French filmmaker Chris Marker recently observed that it rains equally often in the films of Andrei Tarkovsky and Akira Kurosawa. Are Eastern cultures and Russia more comfortable with gloom and tragedy? After all, in Japan suicide is still sometimes seen as a noble and satisfying way of concluding things–a kind of credible Dostoyevskian solution. Hasumi’s approach to Kitano implies that viewing him as some sort of over-the-hill wreck may be a prerequisite for finding him funny. A sense of human wreckage is certainly apparent in Kikujiro, whether or not one laughs at the gags, nearly all of which are suffused with melancholy; I found myself laughing at only about half of them.

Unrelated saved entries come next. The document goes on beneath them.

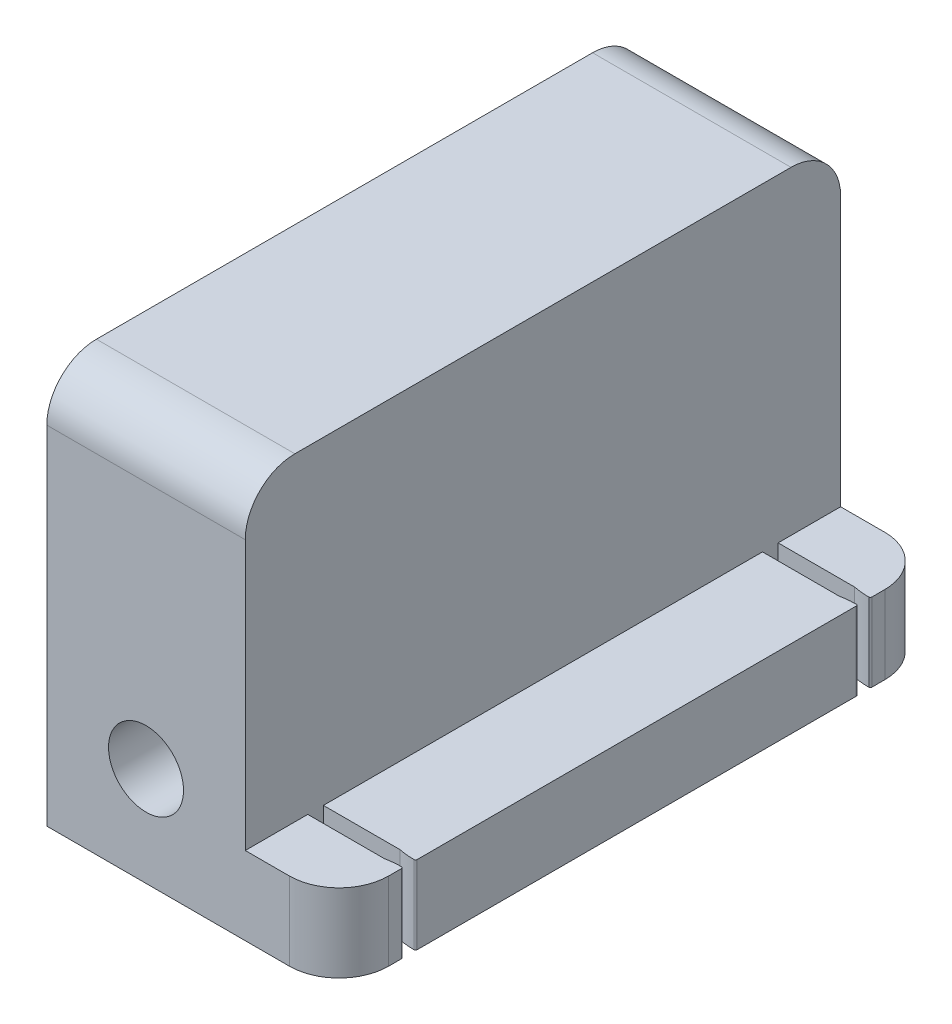
from build123d import *

# Parameters (mm, degrees)
SKETCH1_W           = 25.4
SKETCH1_H           = 50.8
SKETCH1_R           = 4.8006
BOSS_EXTRUDE1_DEPTH = 38.1
SKETCH2_R           = 4.8006
CUT_EXTRUDE1_DEPTH  = 48.519048812
SKETCH3_W           = 12
SKETCH3_H           = 76.2
BOSS_EXTRUDE2_DEPTH = 10
CUT_EXTRUDE2_DEPTH  = 53.027492732
FILLET1_R           = 6.35


with BuildPart() as part:
    # Sketch1 → Boss-Extrude1 (new, symmetric)
    with BuildSketch(Plane.XY):
        Rectangle(SKETCH1_W, SKETCH1_H)
        with Locations(Location((0, -12.7, 0), (0, 0, 180))):
            Circle(SKETCH1_R, mode=Mode.SUBTRACT)
    extrude(amount=BOSS_EXTRUDE1_DEPTH, both=True)

    # Sketch2 → Cut-Extrude1 (cut, through all)
    with BuildSketch(Plane(origin=(0, 0, 0), x_dir=(0, 0, -1), z_dir=(1, 0, 0))):
        with Locations((-25.4, 12.7)):
            Circle(SKETCH2_R)
        with Locations(Location((25.4, 12.7, 0), (0, 0, 180))):
            Circle(SKETCH2_R)
    extrude(amount=-CUT_EXTRUDE1_DEPTH, mode=Mode.SUBTRACT)

    # Sketch3 → Boss-Extrude2 (add)
    with BuildSketch(Plane.XZ.offset(25.4)):
        with Locations((18.7, 0)):
            Rectangle(SKETCH3_W, SKETCH3_H)
    extrude(amount=-BOSS_EXTRUDE2_DEPTH)

    # Sketch4 → Cut-Extrude2 (cut, through all)
    with BuildSketch(Plane(origin=(0, 0, 0), x_dir=(1, 0, 0), z_dir=(0, 1, 0))):
        with BuildLine():
            Line((24.7, 30.1), (24.7, 28.1))
            ThreePointArc((24.7, 28.1), (24.641421356, 28.241421356), (24.5, 28.3))
            ThreePointArc((24.5, 28.3), (23.495012438, 28.249875621), (22.5, 28.1))
            Line((22.5, 28.1), (12.7, 28.1))
            Line((12.7, 28.1), (12.7, 30.1))
            Line((12.7, 30.1), (22.5, 30.1))
            ThreePointArc((22.5, 30.1), (23.495012438, 29.950124379), (24.5, 29.9))
            ThreePointArc((24.5, 29.9), (24.641421356, 29.958578644), (24.7, 30.1))
        make_face()
        with BuildLine():
            Line((24.7, -30.1), (24.7, -28.1))
            ThreePointArc((24.7, -28.1), (24.641421356, -28.241421356), (24.5, -28.3))
            ThreePointArc((24.5, -28.3), (23.495012438, -28.249875621), (22.5, -28.1))
            Line((22.5, -28.1), (12.7, -28.1))
            Line((12.7, -28.1), (12.7, -30.1))
            Line((12.7, -30.1), (22.5, -30.1))
            ThreePointArc((22.5, -30.1), (23.495012438, -29.950124379), (24.5, -29.9))
            ThreePointArc((24.5, -29.9), (24.641421356, -29.958578644), (24.7, -30.1))
        make_face()
    extrude(amount=-CUT_EXTRUDE2_DEPTH, mode=Mode.SUBTRACT)

    # Fillet1
    fillet1_edges = [part.edges().sort_by_distance(p)[0] for p in [
        (24.7, -20.4, 38.1),
        (24.7, -20.4, -38.1),
        (0, 25.4, -38.1),
        (0, 25.4, 38.1),
    ]]
    fillet(fillet1_edges, radius=FILLET1_R)


solid = part.part

Indeed, the film feels like an epic, roughly akin to Don Quixote or The Searchers–one that’s infused with a sense of futility and delusion combined with wistful yearning and persistence. The sensation of being caught in an endless loop is reinforced by the main musical theme, by Kitano regular Joe Hisaishi, a piece of treacle featuring piano and orchestra that’s repeated so many times it drills its way into your skull, like one of the elevator-music themes of a comedy by Jacques Tati (or, perhaps closer to the mark, Ryuichi Sakamoto’s main theme for Nagisa Oshima’s Merry Christmas, Mr. Lawrence, which featured Kitano’s first film performance).